ピコンと音がして、画面はメニューに戻り、僕の名前、「野田 茂雄(のだ しげお)」と、年齢と、性別が出てきた。種族ももちろん「人間」と情報が出てきた。

「ん、全部選択できるようになった」

グレーアウトしていた選択欄が、操作できる。名前は何でも入れられる。年齢は、1から100を選べる。種族は「エルフ」「獣人(猫)」「ドワーフ」とか、ファンタジーに出てくる種族ばかりだ。どうやら、人型以外の種族はないらしい。

「性別は、と、あれ?」

アプリの設計ミスなのか、性別は「女性」しか選べないようだ。それに、他の欄を操作すると、強制的に選択が「女性」になる。最後に、アプリを閉じたり、「リセット」ボタンを押すと、情報がもとに戻る。

「こうなるとなにか試したくなるな……」

無論、僕自身の体ではない。本当に種族が変わったら、大変なことだ。それに、種族を変えるイコール僕が女になるということらしいから、ますます自分で試してはダメだ。

「うーん、何か試しやすい相手は……」

その時、窓の外を母と娘の親子連れが通った。とっさに、小学生くらいの娘の方をカメラで捉える。そして、「種族」を「エルフ」にして、「変更」ボタンを押した。

「しまった、勢いでやっちゃった……」

女の子が立ち止まり、母親はそれに気づいて声をかけている。窓の外なのであまり音は聞こえてこない。だが、女の子がだんだん小さくなっていくのが分かった。母親は腰を抜かして床に倒れ込んでしまった。その間にも、女の子は服の中に埋もれていった。

「どういうことなんだ……まさか」

年齢の欄を見ると、「8歳」となっていた。小学生の年齢としては妥当……だが、種族をエルフに変えたからか、年齢は0から500歳まで選べるようになっている。長寿の種族らしいエルフにとって、「8歳」は赤ん坊にほかならない。

僕は、年齢を「40歳」にあげて、もう一回変更ボタンを押した。すると、ブカブカになった服の中から、光り輝くような金髪の女の子が出てきた。すくすくと大きくなり、幼児体型だが、身長は前よりも高くなった、くらいのところで成長が止まった。

おどおどする「40歳」の娘を前に、30歳くらいであろう母親は気絶してしまっていた。僕は「リセット」ボタンで女の子を元に戻そうとした。
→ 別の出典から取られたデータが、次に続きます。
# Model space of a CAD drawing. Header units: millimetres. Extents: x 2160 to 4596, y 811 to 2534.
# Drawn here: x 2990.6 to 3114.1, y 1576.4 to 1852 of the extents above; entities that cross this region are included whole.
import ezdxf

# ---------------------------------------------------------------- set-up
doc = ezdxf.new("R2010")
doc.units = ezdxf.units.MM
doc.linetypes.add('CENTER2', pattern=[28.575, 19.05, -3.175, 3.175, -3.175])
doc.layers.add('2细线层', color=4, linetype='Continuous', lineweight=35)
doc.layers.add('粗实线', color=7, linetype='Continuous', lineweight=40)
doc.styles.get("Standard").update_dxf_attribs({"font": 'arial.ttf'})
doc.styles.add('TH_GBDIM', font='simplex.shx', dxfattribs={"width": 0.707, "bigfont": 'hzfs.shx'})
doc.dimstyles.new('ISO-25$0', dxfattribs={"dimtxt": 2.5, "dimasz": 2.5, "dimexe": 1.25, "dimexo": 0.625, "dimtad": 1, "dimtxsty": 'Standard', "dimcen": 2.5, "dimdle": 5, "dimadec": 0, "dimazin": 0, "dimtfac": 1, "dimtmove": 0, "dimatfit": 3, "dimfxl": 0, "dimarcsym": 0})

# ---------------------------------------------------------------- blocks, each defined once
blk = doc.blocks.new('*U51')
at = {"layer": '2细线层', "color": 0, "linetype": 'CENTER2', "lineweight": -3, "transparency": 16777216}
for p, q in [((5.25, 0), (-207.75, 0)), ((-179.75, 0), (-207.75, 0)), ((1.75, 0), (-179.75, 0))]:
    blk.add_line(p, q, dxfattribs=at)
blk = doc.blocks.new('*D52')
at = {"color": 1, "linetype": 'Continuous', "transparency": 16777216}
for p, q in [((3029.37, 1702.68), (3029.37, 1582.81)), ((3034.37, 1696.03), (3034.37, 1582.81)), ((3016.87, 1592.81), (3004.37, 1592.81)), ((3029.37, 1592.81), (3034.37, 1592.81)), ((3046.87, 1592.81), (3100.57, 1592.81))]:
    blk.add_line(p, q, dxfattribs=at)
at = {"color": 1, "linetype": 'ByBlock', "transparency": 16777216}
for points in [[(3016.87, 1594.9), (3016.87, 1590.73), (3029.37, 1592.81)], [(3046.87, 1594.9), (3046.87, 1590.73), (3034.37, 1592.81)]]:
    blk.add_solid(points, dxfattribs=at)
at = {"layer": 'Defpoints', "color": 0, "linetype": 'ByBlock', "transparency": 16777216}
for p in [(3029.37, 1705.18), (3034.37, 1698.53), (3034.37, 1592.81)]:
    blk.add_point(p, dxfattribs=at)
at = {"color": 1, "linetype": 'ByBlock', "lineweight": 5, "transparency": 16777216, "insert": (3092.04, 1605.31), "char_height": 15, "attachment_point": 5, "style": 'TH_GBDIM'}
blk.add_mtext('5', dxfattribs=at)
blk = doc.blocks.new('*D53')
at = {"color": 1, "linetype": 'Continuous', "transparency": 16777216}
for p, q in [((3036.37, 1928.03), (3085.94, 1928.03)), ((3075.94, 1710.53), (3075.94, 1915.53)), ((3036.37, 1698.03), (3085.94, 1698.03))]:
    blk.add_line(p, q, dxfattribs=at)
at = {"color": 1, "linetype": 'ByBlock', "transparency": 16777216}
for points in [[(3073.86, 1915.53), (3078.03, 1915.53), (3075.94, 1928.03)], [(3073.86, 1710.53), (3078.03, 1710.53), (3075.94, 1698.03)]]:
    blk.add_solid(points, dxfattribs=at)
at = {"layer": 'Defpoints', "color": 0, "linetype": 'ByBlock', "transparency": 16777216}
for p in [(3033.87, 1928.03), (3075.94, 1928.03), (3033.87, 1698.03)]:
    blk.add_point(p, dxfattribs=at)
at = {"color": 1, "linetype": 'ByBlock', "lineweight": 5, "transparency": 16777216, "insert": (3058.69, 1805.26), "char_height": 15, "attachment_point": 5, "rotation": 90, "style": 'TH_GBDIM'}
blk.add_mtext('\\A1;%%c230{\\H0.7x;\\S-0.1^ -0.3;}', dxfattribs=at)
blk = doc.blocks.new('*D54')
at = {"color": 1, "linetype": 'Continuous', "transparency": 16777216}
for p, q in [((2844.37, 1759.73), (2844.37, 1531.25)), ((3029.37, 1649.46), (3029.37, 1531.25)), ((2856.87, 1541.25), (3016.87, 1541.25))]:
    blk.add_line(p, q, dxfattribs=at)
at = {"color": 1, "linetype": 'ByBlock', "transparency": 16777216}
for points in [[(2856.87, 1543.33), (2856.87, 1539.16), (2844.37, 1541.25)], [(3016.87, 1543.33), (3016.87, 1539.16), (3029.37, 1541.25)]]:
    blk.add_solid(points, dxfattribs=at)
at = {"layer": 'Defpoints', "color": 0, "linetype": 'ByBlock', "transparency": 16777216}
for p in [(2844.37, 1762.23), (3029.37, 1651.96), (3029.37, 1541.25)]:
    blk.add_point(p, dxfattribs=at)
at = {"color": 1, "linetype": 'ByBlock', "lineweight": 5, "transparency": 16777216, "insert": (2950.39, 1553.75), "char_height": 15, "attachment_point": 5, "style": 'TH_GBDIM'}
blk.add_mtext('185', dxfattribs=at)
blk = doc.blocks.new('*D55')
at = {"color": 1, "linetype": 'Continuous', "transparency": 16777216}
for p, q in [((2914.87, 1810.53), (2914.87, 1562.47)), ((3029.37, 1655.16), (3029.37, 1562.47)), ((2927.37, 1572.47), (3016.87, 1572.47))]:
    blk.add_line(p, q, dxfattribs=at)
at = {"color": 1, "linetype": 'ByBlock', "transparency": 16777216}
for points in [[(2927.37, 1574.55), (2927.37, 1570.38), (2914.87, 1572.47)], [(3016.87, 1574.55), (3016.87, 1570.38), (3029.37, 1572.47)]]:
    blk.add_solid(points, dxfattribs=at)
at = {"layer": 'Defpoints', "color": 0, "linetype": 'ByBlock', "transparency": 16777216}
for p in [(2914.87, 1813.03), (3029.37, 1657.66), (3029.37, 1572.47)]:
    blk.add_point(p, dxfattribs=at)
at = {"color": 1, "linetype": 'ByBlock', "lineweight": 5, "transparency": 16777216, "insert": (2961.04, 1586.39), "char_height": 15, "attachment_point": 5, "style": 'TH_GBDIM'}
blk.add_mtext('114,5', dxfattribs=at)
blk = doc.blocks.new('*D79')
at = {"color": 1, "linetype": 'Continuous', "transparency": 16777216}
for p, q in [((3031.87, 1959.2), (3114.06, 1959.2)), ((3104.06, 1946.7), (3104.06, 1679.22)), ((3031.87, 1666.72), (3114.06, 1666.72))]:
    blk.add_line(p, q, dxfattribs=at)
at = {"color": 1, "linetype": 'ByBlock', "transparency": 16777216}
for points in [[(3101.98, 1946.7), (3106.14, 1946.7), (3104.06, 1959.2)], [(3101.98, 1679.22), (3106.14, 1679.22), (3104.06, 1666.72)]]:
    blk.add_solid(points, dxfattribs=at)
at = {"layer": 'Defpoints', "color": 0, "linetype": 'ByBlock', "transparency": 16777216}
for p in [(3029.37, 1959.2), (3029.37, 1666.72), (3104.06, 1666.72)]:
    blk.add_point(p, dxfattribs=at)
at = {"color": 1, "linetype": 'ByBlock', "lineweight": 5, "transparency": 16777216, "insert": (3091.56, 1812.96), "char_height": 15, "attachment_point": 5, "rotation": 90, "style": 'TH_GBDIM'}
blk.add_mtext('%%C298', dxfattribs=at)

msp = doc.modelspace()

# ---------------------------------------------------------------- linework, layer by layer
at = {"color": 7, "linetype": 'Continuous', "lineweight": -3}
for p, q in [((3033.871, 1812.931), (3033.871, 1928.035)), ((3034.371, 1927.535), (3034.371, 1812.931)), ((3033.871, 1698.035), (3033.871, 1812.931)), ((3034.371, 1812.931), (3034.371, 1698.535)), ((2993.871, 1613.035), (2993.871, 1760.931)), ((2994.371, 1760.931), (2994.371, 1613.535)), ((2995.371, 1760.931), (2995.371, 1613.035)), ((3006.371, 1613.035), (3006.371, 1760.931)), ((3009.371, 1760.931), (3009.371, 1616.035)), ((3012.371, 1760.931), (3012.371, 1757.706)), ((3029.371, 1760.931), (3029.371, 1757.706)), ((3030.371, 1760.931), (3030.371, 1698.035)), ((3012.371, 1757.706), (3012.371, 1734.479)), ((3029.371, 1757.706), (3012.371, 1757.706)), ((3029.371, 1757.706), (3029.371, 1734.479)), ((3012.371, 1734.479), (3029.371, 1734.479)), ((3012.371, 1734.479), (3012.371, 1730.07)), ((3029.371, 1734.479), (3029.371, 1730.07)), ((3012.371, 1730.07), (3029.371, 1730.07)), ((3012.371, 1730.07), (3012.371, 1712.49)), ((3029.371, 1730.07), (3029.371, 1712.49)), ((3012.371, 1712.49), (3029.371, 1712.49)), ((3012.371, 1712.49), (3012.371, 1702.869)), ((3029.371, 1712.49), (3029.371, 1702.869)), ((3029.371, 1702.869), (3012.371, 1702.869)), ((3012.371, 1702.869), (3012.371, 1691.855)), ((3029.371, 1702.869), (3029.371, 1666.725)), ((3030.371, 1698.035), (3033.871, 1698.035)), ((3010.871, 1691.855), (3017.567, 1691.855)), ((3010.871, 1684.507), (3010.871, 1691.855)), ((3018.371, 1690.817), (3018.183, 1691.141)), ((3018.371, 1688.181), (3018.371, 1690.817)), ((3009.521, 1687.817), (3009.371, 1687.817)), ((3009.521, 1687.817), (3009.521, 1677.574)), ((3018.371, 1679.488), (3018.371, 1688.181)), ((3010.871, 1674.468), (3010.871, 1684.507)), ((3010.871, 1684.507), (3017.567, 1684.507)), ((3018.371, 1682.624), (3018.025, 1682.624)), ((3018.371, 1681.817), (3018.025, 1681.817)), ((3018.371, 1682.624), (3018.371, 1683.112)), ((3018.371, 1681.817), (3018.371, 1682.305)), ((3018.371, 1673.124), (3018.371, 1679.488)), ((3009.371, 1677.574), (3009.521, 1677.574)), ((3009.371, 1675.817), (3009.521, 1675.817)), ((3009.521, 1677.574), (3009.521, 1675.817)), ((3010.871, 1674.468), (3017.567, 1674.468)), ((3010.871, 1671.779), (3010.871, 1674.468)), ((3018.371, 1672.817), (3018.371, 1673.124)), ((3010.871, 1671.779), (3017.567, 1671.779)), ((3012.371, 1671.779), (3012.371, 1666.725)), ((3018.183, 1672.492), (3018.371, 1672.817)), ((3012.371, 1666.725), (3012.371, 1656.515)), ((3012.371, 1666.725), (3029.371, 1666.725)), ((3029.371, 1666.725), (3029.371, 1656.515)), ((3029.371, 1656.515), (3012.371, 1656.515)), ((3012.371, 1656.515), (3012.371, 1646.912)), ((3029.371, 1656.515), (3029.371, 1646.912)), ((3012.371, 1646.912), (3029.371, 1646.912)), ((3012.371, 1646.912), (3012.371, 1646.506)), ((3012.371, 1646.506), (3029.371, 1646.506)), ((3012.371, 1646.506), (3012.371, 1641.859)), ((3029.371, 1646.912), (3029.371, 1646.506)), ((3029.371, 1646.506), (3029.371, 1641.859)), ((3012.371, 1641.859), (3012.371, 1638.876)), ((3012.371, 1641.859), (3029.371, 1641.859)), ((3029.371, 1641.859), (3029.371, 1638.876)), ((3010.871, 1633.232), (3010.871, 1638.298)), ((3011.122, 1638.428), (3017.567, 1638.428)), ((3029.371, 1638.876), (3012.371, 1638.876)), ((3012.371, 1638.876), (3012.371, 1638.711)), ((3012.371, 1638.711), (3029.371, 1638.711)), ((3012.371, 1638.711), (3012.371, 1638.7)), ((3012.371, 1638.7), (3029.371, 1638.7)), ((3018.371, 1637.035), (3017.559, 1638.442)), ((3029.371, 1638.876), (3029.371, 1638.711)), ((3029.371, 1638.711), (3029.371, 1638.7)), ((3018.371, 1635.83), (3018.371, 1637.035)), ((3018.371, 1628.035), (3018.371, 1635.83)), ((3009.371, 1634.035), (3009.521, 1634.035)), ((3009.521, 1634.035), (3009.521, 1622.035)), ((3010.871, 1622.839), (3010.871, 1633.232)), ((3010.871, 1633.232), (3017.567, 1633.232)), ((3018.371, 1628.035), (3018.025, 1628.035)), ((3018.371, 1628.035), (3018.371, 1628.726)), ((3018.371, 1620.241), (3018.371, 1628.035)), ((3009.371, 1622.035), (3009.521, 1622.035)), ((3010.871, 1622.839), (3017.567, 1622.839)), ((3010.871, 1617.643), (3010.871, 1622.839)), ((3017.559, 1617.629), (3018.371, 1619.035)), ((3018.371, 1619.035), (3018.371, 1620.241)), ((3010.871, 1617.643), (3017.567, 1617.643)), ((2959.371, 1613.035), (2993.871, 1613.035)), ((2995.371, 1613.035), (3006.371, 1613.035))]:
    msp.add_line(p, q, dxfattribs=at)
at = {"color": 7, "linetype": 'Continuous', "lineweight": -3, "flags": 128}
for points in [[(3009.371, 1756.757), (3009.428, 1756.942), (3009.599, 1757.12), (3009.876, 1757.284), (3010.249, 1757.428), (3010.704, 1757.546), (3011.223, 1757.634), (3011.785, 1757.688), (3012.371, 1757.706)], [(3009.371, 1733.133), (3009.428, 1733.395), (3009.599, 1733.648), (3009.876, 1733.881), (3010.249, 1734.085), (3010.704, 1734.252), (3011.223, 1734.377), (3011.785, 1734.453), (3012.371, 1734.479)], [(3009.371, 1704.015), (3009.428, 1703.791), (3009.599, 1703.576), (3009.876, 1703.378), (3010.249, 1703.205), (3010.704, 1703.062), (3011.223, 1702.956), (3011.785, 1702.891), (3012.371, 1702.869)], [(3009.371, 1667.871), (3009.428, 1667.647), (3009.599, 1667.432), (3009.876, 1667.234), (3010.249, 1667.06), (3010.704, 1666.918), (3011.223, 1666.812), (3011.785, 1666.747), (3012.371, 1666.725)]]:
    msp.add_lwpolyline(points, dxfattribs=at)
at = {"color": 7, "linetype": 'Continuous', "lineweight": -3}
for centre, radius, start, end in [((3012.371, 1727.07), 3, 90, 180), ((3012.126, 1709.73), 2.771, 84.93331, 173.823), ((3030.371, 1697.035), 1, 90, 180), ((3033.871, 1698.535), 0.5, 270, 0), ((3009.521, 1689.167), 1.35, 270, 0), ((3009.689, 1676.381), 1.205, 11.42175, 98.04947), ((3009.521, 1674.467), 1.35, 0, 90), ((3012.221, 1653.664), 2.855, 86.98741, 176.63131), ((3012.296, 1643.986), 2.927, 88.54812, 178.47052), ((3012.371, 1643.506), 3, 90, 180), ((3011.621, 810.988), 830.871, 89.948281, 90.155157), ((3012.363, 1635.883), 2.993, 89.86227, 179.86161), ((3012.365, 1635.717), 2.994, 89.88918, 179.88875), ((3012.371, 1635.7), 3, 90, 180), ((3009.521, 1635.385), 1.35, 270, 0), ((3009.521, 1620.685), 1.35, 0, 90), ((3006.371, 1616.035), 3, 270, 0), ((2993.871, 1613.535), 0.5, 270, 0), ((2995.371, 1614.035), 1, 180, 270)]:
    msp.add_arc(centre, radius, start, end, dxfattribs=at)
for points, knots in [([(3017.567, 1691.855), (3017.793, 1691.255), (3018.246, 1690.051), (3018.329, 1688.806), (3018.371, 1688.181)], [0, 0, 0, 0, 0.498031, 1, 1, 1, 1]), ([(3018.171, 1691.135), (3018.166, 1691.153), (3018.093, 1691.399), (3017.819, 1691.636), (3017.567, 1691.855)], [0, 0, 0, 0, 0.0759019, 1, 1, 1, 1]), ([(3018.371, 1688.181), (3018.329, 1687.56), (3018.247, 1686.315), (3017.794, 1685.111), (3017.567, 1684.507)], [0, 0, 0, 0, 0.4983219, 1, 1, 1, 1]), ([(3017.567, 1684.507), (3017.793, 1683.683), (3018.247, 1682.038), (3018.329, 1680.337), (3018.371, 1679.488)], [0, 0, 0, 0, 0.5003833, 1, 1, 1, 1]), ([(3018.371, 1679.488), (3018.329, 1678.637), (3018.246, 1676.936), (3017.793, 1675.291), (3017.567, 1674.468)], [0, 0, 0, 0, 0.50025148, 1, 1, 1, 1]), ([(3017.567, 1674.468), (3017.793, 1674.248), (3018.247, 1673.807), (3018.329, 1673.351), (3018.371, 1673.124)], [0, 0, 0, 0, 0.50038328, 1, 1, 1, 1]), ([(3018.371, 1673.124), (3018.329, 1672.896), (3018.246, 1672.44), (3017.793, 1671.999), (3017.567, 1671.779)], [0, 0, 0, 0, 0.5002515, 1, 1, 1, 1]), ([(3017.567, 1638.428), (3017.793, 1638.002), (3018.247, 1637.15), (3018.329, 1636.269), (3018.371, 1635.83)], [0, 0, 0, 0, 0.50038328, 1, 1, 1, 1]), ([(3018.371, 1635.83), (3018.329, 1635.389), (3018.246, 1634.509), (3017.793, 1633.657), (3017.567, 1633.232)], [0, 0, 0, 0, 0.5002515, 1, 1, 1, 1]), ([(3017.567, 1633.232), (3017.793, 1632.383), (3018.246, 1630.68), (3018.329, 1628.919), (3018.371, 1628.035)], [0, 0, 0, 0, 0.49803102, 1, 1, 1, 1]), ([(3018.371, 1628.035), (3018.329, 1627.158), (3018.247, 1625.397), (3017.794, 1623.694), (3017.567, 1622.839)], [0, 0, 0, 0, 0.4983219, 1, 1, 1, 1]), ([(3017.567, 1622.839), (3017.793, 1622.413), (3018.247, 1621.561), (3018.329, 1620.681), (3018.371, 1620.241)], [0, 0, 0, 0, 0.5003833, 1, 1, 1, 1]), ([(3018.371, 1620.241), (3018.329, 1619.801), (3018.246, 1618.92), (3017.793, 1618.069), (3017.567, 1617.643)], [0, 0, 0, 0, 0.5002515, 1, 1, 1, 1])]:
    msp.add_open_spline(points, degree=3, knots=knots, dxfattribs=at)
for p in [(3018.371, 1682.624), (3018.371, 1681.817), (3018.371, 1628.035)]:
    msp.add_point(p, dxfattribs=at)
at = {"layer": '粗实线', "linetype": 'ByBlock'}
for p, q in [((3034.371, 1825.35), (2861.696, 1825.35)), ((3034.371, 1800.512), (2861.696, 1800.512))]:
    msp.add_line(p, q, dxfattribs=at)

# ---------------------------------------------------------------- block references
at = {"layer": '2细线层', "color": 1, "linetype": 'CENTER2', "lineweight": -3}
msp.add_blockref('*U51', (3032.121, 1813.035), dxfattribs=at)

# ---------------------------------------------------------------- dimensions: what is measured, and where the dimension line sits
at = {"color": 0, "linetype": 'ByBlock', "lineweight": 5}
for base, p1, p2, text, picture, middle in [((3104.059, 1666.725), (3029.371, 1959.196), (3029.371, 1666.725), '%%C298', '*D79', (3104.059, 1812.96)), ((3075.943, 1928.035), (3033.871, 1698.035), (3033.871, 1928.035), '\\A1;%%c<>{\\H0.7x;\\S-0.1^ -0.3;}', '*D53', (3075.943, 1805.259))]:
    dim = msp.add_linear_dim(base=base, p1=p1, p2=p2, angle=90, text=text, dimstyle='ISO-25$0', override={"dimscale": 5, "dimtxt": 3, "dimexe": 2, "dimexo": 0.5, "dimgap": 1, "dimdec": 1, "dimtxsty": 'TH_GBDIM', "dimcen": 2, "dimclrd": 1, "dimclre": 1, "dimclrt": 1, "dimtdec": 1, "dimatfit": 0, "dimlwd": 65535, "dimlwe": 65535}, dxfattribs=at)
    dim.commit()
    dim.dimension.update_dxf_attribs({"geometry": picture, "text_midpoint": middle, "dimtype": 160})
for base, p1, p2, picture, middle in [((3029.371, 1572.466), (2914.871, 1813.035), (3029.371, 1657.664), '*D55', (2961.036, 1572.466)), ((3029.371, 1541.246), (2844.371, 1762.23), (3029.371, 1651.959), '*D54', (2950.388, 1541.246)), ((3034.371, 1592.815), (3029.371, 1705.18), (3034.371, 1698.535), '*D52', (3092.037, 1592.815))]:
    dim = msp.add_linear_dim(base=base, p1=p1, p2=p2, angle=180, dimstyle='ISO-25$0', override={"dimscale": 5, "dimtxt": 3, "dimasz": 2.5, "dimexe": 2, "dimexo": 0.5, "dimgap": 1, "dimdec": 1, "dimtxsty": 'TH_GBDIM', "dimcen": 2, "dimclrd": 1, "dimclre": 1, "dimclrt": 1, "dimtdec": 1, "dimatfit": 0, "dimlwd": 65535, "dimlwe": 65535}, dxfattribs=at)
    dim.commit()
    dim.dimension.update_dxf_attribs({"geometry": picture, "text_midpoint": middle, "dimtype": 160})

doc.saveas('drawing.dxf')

「あれ?」リセットボタンは、操作できなくなっていた。ただ、その他の選択項目は操作できる。僕は手動で、種族を「人間」に、年齢を「8歳」に設定して、「変更」ボタンを押した。女の子の髪は元の日本人らしい黒に、身長ももとに戻った。数分すれば意識を取り戻すだろう母親が、記憶を失っていることを願いつつ、カーテンを閉めた。

どうやら、このアプリは本物らしい。